======== EXERCISE INPUT

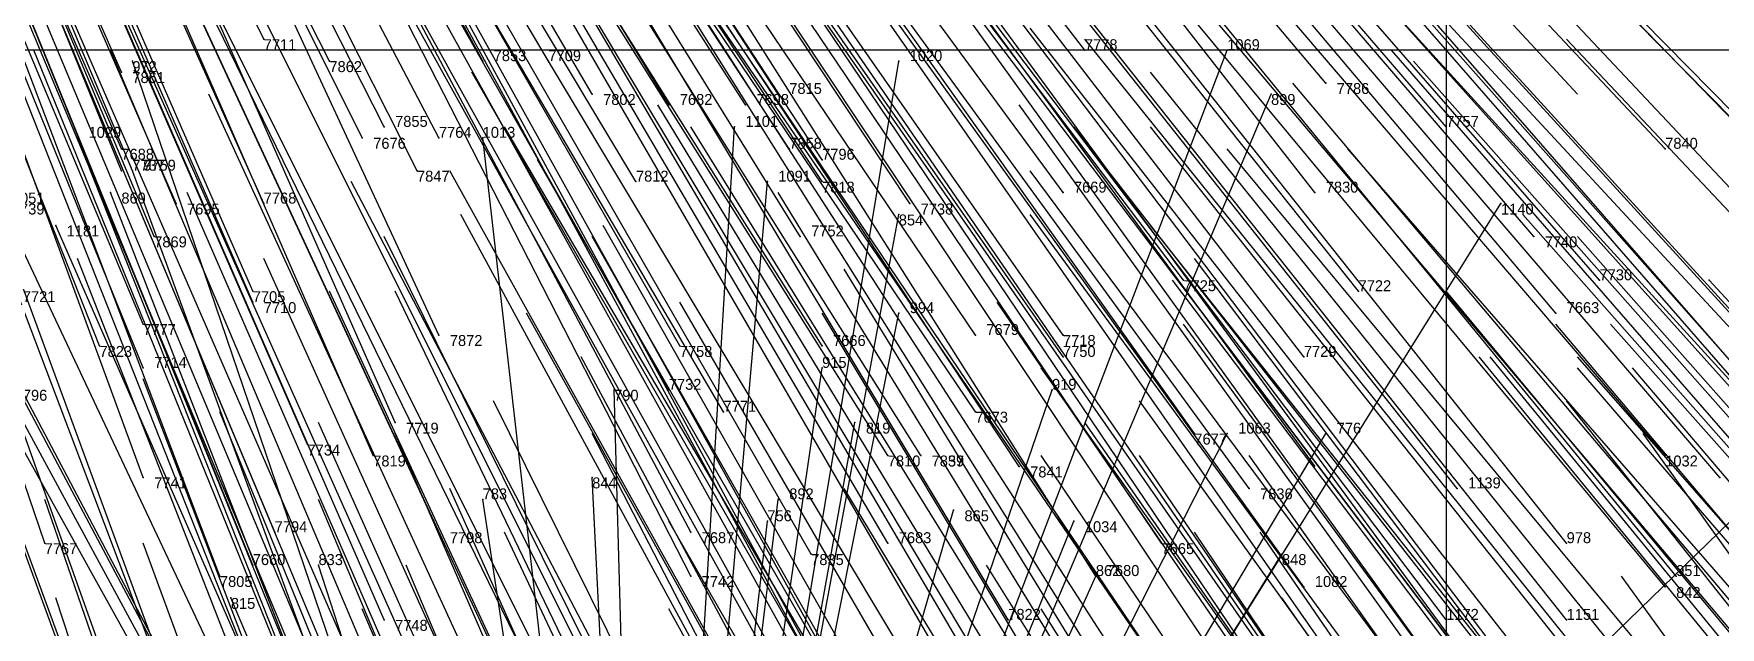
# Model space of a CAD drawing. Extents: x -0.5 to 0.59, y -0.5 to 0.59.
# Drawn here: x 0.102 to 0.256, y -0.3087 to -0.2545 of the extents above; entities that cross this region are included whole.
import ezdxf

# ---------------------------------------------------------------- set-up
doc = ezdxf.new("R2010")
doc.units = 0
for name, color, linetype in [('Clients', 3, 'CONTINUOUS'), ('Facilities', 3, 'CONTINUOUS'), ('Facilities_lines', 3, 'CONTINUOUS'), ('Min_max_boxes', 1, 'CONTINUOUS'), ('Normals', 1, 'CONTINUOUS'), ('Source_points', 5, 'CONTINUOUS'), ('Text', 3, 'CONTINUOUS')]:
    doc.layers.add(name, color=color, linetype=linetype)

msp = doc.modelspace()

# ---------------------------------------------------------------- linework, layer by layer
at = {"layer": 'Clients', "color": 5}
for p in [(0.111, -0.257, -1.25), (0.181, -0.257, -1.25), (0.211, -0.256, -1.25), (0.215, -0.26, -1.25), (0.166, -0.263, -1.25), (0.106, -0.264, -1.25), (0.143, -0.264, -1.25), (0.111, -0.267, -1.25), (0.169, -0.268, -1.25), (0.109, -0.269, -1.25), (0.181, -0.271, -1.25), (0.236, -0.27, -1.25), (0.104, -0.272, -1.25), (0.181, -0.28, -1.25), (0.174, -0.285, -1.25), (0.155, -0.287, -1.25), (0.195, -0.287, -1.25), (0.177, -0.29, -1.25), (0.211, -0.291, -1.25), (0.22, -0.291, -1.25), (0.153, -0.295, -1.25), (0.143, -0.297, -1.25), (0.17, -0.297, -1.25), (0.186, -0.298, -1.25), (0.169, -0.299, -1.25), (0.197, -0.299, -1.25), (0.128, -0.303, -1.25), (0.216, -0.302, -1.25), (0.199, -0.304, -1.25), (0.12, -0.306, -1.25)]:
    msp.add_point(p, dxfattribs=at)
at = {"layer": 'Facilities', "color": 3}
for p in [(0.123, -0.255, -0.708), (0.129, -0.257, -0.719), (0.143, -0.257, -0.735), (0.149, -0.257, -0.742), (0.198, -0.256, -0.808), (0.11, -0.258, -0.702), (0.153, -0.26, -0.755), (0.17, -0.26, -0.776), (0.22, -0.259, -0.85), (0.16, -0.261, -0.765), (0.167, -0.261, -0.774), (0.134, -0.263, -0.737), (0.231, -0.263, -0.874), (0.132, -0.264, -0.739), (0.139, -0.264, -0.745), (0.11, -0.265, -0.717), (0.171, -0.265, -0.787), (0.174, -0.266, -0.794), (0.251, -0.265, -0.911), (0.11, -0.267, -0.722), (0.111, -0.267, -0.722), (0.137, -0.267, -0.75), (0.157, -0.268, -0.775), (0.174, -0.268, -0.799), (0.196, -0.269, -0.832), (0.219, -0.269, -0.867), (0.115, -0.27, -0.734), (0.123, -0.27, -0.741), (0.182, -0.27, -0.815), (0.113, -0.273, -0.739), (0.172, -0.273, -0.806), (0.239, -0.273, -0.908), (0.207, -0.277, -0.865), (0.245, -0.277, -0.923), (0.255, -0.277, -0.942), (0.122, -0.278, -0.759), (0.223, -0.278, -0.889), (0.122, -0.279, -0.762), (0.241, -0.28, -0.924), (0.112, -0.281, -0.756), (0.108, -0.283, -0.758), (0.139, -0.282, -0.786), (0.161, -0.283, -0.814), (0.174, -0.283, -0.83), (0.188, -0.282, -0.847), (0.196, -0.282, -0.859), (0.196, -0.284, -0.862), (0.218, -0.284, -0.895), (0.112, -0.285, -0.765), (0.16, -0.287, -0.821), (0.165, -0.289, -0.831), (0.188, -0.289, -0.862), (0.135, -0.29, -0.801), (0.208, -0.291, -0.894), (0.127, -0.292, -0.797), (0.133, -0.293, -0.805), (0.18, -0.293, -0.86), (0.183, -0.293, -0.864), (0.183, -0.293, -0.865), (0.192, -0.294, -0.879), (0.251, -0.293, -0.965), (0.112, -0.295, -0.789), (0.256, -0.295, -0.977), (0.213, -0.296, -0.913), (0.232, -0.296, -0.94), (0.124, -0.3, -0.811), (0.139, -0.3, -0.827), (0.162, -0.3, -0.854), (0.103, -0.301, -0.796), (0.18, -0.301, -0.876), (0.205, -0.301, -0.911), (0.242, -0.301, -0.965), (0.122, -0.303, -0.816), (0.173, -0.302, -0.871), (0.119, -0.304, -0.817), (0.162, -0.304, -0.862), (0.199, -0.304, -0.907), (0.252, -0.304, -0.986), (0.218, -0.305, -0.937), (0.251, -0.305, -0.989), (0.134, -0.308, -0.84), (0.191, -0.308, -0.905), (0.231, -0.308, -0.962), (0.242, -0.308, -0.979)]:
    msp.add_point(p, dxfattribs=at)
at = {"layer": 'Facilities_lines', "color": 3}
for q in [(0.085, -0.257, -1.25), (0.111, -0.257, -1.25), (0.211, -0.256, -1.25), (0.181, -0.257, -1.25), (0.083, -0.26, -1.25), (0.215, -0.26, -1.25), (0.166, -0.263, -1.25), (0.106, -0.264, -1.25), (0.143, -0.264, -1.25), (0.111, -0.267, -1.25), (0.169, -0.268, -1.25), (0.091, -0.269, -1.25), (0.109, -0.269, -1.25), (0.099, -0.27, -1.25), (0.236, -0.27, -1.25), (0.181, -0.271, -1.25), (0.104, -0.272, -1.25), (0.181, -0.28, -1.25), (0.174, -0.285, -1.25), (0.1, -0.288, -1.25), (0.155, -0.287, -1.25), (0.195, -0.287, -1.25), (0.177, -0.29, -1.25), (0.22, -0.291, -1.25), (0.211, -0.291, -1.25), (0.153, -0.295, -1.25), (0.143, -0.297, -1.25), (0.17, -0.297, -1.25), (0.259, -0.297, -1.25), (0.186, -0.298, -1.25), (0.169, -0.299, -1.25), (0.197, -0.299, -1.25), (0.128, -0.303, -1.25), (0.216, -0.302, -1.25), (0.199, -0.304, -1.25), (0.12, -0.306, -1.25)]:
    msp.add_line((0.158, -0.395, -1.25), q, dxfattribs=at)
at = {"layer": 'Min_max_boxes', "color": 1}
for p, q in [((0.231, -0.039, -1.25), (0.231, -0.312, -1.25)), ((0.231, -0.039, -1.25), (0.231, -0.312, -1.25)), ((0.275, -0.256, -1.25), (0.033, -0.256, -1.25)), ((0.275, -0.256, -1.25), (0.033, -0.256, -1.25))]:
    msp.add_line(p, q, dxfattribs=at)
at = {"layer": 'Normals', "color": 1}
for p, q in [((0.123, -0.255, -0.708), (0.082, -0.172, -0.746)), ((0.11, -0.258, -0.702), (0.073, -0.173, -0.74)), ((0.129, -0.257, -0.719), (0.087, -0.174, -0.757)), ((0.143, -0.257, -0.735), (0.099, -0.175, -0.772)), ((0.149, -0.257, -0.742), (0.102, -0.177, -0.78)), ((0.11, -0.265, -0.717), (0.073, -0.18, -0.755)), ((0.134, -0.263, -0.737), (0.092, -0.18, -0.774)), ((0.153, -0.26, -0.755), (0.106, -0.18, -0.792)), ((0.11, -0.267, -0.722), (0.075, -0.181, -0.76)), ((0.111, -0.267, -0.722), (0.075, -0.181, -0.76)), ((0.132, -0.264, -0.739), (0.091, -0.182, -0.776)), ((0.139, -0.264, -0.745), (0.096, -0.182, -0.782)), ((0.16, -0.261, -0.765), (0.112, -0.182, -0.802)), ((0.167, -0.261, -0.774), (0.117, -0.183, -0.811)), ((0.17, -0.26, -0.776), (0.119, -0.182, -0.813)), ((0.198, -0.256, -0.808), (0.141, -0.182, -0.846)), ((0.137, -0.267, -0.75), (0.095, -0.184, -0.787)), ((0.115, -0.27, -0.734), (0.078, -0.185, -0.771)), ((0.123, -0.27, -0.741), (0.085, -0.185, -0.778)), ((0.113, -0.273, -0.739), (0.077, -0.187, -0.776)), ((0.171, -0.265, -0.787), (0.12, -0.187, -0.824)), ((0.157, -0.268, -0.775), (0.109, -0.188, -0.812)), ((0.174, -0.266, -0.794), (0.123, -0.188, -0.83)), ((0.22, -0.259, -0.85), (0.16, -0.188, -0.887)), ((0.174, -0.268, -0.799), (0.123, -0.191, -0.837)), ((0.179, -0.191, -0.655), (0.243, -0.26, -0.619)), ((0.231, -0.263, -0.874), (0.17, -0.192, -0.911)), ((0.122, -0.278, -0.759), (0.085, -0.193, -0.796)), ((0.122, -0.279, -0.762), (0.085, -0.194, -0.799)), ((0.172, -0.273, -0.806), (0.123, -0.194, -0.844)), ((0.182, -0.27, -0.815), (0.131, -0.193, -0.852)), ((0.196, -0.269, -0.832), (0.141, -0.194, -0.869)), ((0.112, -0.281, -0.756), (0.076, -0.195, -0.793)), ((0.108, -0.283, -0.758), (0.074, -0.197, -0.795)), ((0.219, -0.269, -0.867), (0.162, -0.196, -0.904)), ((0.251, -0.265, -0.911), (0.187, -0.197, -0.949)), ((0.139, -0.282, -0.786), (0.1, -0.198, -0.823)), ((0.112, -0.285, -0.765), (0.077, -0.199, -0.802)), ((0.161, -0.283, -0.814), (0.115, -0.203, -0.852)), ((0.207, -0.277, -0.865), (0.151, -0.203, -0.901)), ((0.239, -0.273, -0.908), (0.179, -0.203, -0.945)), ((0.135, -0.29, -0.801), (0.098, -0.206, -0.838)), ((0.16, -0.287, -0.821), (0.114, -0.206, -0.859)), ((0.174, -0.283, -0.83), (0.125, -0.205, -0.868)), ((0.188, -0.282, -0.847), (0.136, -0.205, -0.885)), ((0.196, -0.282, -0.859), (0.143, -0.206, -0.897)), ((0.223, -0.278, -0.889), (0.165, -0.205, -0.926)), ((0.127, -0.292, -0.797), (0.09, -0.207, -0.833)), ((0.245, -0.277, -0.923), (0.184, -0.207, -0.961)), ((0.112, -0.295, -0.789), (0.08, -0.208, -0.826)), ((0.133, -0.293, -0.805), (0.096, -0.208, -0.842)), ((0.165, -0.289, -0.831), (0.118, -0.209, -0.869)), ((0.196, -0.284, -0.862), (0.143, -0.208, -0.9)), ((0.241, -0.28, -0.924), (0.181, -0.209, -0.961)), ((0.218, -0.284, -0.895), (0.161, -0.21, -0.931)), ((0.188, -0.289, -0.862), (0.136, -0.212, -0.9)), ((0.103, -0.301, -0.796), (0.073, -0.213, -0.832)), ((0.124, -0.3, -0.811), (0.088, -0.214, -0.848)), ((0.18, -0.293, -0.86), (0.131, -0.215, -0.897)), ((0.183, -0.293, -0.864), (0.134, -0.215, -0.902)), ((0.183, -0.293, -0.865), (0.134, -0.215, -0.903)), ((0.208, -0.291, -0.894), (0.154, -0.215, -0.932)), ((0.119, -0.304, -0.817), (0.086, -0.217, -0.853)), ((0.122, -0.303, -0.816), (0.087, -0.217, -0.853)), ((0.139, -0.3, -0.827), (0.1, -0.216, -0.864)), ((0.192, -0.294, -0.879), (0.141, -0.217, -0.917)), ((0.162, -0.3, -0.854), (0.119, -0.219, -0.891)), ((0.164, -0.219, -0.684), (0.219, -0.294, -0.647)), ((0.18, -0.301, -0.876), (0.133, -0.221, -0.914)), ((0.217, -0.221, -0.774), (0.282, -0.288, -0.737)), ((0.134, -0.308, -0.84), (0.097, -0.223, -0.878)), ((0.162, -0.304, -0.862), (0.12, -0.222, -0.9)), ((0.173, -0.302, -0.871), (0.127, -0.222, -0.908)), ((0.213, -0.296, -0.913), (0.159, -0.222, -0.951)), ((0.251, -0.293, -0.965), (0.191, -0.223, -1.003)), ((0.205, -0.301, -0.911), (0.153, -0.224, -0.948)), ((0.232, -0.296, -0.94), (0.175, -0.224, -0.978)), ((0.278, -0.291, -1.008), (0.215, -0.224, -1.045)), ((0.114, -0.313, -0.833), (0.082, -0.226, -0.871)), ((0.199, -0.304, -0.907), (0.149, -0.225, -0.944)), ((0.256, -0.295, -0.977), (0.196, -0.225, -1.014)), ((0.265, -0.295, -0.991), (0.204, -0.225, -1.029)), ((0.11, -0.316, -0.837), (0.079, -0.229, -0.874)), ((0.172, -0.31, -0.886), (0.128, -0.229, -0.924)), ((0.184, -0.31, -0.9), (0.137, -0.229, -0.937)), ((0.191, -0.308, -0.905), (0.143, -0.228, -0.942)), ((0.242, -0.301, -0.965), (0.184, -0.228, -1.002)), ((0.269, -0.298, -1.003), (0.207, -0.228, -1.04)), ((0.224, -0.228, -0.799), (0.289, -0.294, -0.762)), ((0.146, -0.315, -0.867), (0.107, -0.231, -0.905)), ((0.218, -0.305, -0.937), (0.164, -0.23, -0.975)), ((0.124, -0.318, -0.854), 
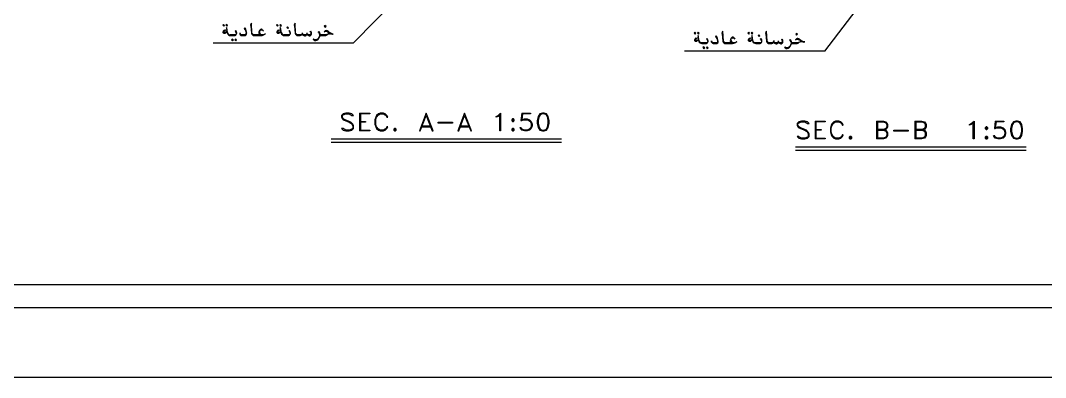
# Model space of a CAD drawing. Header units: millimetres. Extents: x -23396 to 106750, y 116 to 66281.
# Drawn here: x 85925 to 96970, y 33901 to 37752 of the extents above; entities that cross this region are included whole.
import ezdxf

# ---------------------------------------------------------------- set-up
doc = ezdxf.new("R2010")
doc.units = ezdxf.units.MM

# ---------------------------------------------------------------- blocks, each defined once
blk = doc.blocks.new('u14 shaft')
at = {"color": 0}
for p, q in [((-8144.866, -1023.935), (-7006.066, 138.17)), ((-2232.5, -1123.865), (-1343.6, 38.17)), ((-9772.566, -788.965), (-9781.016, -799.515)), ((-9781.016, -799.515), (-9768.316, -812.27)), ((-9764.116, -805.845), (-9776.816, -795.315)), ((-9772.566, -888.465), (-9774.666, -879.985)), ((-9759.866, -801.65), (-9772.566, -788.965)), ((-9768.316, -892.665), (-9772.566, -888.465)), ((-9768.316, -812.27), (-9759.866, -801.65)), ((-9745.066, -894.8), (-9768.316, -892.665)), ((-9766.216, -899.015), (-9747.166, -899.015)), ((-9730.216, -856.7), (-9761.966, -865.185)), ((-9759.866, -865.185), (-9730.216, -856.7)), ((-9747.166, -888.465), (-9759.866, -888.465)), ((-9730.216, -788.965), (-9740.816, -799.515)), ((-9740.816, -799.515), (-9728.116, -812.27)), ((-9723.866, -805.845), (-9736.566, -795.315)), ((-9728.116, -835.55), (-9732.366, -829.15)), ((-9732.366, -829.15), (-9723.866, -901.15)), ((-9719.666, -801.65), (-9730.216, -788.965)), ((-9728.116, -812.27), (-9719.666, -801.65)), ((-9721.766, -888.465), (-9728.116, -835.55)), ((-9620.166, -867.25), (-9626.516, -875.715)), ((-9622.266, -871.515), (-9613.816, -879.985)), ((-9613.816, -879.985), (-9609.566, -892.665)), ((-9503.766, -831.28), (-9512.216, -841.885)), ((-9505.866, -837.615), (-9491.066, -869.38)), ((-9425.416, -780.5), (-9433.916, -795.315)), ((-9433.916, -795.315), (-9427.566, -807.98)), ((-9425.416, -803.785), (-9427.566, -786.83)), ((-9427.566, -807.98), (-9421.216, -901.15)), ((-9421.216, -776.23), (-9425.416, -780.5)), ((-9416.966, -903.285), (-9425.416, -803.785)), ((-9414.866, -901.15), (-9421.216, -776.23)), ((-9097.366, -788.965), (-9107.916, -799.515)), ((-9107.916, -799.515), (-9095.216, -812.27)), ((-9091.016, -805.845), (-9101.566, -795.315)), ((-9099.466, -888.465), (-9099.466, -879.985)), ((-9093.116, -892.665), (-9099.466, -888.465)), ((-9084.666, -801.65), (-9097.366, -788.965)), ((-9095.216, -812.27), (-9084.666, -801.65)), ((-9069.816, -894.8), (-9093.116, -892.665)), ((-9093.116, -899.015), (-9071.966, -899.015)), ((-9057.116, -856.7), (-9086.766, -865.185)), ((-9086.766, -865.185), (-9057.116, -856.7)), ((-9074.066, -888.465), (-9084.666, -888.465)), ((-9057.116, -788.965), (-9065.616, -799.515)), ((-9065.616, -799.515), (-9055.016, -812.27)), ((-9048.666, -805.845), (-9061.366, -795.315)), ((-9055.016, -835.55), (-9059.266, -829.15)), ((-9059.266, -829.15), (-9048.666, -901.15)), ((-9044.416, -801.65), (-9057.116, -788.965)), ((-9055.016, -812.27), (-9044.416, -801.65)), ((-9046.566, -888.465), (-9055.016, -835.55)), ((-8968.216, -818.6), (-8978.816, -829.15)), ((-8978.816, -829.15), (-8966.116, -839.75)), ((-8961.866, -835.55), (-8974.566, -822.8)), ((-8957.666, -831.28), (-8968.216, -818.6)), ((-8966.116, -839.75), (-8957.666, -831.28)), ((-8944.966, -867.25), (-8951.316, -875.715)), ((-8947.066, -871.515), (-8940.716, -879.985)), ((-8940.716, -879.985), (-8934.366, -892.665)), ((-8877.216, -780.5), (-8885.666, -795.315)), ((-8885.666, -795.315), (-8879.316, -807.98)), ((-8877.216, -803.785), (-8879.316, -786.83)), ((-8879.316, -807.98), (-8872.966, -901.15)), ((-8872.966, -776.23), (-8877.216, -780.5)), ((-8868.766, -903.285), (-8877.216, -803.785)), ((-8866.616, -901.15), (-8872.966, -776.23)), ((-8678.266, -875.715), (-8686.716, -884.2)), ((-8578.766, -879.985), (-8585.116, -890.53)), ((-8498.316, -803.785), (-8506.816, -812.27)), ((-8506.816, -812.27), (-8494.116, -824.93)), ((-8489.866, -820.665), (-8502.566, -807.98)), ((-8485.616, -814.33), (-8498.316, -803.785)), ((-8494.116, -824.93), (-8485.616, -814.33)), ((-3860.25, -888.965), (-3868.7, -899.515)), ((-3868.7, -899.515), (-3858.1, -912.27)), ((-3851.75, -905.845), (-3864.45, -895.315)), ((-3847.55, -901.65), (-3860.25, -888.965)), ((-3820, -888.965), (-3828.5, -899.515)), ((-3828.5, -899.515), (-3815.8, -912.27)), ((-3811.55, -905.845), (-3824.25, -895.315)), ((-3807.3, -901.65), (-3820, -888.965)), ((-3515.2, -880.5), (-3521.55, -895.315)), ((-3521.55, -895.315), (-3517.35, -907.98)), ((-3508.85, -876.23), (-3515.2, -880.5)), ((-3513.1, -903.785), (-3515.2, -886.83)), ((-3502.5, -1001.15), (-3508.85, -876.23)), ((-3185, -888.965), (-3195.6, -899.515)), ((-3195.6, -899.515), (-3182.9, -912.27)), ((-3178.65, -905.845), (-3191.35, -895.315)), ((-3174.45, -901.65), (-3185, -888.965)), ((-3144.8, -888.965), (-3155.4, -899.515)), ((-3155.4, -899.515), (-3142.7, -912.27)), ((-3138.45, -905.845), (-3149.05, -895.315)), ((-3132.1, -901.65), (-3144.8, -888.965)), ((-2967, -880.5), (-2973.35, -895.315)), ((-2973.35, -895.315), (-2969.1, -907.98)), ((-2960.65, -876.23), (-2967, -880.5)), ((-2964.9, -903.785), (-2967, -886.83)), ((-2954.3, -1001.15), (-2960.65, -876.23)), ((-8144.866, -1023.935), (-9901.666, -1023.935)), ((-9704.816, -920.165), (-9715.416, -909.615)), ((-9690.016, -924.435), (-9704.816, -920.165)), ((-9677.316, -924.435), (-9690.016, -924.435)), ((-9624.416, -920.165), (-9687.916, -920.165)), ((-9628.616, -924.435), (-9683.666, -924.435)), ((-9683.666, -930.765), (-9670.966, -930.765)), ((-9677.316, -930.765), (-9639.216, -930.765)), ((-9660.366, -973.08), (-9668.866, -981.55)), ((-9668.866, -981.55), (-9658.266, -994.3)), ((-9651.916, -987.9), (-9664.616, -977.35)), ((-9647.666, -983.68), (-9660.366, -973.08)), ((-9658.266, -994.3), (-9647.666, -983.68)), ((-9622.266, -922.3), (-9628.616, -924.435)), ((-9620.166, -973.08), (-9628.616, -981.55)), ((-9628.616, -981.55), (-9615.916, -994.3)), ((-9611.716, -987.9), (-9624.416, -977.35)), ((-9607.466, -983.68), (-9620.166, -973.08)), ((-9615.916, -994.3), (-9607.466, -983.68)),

================

_WORK TO BE COMPLETED:_ List each line of the entries that holds the string "drawing".

_EXPECTED ANSWER:_
# Model space of a CAD drawing. Extents: x -0.5 to 0.59, y -0.5 to 0.59.
# Model space of a CAD drawing. Header units: millimetres. Extents: x -23396 to 106750, y 116 to 66281.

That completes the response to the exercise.